All that is wanted is an exact copy of the line containing "#233=EDGE_CURVE('E290',#230,#232,#228,.T.);" and the lines after it, through the end of the records.

(SUPPLIED INFORMATION)

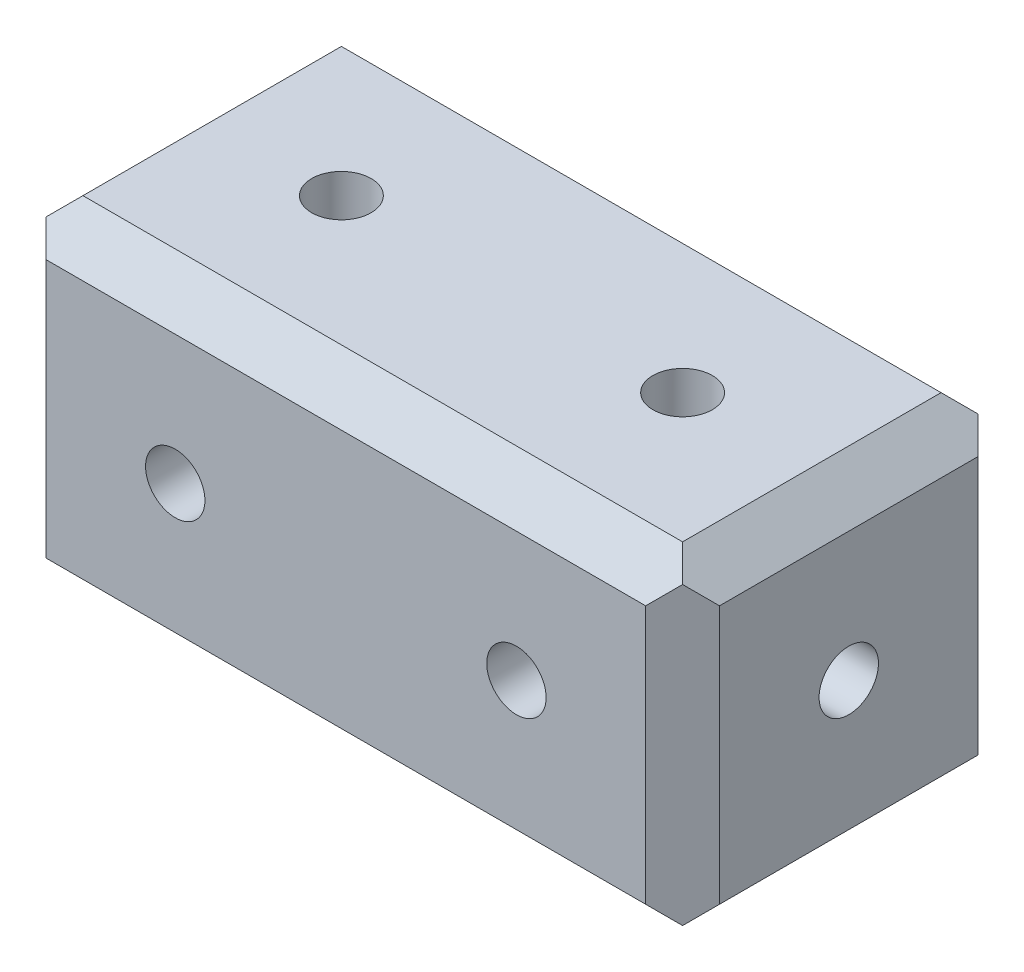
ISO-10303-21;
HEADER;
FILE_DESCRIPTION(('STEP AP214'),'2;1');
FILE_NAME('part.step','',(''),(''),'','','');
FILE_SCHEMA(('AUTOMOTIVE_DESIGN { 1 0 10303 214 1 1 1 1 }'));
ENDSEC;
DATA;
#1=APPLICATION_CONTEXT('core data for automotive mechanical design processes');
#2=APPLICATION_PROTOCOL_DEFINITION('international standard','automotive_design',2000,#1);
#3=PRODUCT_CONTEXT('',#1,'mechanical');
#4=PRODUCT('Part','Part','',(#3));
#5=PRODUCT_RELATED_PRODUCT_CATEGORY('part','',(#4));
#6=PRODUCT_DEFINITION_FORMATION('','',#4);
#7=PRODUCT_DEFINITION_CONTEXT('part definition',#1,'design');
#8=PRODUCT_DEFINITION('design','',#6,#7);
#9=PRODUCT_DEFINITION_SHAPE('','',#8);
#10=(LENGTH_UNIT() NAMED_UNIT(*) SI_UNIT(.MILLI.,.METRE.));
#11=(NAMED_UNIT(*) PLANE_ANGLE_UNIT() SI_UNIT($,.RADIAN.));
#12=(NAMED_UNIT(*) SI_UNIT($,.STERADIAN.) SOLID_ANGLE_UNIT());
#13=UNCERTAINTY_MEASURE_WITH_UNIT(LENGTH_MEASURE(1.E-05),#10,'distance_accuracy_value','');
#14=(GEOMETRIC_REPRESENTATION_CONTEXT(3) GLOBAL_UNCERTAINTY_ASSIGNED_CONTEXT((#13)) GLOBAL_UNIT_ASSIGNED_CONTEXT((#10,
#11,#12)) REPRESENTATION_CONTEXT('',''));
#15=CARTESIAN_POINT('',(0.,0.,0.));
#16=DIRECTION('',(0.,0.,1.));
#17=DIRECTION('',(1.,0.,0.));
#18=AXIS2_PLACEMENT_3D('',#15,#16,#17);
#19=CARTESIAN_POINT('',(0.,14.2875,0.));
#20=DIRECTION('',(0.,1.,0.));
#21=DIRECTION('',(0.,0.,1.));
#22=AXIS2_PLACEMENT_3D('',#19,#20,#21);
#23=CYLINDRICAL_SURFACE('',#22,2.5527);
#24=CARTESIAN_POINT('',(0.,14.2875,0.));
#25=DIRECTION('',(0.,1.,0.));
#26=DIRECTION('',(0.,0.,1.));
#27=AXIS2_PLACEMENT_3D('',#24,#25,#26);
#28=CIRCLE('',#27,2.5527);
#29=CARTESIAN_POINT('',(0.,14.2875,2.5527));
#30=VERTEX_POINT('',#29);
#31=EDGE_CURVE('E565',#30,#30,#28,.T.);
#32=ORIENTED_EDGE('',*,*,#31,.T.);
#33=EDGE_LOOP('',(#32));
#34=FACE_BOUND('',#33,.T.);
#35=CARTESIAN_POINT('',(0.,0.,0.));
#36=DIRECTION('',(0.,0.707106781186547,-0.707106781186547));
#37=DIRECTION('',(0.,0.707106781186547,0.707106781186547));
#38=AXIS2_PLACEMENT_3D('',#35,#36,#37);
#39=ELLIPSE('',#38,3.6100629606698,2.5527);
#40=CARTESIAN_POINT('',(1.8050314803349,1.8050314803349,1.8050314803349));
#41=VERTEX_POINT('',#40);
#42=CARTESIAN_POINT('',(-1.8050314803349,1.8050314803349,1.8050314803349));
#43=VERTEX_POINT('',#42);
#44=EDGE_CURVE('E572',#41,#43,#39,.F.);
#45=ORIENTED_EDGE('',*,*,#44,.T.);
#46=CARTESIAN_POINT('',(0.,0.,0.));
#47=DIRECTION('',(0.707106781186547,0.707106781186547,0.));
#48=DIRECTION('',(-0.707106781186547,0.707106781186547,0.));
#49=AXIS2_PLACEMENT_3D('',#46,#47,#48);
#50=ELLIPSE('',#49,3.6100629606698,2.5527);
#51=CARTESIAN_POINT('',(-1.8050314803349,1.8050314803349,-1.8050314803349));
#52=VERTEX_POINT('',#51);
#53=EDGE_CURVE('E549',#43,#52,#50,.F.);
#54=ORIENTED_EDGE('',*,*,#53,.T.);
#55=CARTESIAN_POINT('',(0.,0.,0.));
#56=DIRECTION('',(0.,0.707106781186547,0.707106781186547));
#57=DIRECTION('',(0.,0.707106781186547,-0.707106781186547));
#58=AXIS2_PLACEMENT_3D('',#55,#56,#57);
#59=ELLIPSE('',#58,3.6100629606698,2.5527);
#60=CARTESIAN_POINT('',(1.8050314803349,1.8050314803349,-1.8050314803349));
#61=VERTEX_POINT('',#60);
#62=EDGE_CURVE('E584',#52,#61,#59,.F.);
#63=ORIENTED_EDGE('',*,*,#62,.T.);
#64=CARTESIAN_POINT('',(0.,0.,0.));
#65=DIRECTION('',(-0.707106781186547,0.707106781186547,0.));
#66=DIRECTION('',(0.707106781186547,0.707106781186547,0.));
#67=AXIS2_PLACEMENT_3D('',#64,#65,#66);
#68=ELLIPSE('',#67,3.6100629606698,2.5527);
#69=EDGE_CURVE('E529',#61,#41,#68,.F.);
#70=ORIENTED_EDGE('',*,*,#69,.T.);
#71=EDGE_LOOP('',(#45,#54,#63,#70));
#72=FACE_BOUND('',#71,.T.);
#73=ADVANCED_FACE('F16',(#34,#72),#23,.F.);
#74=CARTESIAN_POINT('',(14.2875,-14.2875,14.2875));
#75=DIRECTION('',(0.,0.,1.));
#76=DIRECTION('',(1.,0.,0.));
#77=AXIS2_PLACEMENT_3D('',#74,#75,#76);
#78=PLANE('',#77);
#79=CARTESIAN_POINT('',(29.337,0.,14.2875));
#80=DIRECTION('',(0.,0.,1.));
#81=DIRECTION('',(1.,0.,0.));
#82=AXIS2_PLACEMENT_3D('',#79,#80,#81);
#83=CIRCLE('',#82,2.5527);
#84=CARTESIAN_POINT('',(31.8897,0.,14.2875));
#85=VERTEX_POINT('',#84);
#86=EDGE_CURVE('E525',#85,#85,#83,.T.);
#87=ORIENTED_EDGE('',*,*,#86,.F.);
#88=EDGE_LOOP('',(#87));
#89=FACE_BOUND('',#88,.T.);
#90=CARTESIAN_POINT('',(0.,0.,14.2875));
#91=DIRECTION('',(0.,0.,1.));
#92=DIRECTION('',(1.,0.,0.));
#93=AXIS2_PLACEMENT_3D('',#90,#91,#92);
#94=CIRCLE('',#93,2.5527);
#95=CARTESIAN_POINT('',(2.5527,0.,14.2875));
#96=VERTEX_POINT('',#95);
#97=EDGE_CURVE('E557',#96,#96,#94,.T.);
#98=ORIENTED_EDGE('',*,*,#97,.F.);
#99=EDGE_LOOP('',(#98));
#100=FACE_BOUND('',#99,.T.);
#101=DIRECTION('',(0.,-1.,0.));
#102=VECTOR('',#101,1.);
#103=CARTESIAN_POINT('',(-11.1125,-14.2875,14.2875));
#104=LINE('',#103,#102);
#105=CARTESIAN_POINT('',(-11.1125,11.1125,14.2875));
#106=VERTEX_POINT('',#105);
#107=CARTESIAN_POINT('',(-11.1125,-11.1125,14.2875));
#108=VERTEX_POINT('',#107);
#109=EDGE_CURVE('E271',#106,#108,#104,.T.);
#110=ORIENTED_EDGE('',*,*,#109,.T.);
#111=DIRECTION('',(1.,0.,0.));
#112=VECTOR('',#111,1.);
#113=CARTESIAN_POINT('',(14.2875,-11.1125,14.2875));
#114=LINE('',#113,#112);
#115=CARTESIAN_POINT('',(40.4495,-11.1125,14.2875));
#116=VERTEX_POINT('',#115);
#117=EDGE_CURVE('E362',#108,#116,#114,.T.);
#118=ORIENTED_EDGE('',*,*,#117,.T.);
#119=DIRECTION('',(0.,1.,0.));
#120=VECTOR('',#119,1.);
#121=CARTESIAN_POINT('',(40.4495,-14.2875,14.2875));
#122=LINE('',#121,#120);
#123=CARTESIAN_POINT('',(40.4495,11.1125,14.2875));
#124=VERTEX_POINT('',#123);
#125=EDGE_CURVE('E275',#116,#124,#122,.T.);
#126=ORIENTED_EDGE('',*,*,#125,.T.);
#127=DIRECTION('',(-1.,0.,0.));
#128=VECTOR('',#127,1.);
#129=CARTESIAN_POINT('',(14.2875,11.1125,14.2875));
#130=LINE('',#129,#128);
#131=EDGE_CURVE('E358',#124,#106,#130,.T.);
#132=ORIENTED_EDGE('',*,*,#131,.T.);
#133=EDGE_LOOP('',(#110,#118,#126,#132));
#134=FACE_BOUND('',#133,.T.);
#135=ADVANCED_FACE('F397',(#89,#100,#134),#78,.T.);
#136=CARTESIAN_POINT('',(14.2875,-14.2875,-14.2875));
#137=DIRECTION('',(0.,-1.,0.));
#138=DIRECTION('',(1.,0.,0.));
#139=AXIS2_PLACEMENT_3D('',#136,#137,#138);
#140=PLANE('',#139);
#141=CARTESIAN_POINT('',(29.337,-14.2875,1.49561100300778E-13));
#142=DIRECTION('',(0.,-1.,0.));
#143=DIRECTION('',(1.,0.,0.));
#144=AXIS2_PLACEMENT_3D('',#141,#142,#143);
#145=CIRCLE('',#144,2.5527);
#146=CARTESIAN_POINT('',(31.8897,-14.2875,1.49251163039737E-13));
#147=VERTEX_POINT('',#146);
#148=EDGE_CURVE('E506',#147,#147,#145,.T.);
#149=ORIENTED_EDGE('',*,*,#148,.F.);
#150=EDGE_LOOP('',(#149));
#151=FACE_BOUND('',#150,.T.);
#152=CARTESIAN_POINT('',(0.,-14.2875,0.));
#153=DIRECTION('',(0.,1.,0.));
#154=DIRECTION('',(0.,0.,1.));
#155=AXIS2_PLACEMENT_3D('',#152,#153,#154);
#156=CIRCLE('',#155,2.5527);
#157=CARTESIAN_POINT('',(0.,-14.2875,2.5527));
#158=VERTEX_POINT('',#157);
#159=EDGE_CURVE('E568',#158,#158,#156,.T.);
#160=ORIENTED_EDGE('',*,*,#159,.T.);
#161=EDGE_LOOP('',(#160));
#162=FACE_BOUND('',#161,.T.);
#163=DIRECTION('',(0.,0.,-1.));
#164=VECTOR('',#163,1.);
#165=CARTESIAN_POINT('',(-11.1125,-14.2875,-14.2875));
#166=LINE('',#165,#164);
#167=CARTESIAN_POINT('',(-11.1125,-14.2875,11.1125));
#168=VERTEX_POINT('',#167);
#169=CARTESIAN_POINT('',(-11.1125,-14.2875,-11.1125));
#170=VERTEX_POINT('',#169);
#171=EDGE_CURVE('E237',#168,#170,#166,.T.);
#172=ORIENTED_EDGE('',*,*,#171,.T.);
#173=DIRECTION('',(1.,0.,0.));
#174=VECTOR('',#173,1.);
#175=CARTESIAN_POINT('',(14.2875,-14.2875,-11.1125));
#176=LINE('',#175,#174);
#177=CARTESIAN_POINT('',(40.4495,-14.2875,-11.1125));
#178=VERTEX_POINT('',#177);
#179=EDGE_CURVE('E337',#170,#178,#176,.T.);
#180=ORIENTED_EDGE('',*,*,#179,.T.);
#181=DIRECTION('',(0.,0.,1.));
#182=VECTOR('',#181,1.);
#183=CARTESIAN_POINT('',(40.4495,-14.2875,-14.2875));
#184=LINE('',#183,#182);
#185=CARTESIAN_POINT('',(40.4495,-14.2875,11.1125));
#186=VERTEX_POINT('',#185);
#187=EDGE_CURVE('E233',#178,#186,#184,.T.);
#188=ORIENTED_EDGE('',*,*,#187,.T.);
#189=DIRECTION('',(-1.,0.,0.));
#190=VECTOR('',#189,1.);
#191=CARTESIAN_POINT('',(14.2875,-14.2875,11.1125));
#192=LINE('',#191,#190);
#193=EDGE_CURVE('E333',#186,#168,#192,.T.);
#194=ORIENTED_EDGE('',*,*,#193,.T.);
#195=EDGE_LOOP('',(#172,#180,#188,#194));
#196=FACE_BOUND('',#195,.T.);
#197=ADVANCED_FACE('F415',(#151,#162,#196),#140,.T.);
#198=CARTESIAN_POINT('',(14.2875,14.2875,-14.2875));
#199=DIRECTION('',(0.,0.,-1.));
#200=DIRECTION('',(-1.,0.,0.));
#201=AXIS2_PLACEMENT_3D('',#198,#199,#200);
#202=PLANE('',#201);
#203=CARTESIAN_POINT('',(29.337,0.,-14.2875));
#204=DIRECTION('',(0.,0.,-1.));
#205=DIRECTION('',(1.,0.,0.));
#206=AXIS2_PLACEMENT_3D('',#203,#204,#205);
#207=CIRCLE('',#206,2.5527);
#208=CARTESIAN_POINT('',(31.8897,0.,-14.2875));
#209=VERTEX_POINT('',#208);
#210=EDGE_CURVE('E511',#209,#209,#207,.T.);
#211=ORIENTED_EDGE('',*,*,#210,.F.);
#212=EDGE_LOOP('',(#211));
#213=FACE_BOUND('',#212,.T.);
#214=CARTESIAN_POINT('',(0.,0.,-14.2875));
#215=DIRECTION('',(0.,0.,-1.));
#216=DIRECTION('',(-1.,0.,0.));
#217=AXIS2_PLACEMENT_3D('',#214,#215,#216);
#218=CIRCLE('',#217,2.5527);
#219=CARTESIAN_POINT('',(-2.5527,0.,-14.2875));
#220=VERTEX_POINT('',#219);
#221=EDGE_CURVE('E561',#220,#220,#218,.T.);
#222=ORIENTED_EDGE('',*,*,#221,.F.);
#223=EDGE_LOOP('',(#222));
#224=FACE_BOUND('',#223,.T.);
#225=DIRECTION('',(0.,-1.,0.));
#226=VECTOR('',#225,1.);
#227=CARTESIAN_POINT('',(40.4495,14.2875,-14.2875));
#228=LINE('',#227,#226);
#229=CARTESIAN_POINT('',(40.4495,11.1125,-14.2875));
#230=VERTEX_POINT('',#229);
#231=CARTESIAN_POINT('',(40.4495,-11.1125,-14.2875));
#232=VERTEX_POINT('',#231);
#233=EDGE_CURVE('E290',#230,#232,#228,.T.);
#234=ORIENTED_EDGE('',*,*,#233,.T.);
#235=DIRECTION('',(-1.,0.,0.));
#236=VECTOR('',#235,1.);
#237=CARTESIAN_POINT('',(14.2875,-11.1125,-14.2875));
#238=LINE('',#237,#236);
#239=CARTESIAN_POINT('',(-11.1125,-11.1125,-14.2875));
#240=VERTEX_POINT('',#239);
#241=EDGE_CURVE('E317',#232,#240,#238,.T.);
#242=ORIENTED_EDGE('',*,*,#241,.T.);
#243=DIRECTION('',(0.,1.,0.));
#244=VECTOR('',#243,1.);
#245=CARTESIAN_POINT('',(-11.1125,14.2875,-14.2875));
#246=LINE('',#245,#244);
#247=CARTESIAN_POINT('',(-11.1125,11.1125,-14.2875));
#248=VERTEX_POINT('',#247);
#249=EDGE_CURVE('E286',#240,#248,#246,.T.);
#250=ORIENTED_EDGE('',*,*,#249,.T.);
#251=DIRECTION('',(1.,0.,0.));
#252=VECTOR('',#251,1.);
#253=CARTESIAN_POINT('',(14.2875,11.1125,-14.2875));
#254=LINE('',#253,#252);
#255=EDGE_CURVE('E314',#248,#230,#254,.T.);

(End SUPPLIED INFORMATION)

ANSWER TO THE EXERCISE:
#233=EDGE_CURVE('E290',#230,#232,#228,.T.);
#234=ORIENTED_EDGE('',*,*,#233,.T.);
#235=DIRECTION('',(-1.,0.,0.));
#236=VECTOR('',#235,1.);
#237=CARTESIAN_POINT('',(14.2875,-11.1125,-14.2875));
#238=LINE('',#237,#236);
#239=CARTESIAN_POINT('',(-11.1125,-11.1125,-14.2875));
#240=VERTEX_POINT('',#239);
#241=EDGE_CURVE('E317',#232,#240,#238,.T.);
#242=ORIENTED_EDGE('',*,*,#241,.T.);
#243=DIRECTION('',(0.,1.,0.));
#244=VECTOR('',#243,1.);
#245=CARTESIAN_POINT('',(-11.1125,14.2875,-14.2875));
#246=LINE('',#245,#244);
#247=CARTESIAN_POINT('',(-11.1125,11.1125,-14.2875));
#248=VERTEX_POINT('',#247);
#249=EDGE_CURVE('E286',#240,#248,#246,.T.);
#250=ORIENTED_EDGE('',*,*,#249,.T.);
#251=DIRECTION('',(1.,0.,0.));
#252=VECTOR('',#251,1.);
#253=CARTESIAN_POINT('',(14.2875,11.1125,-14.2875));
#254=LINE('',#253,#252);
#255=EDGE_CURVE('E314',#248,#230,#254,.T.);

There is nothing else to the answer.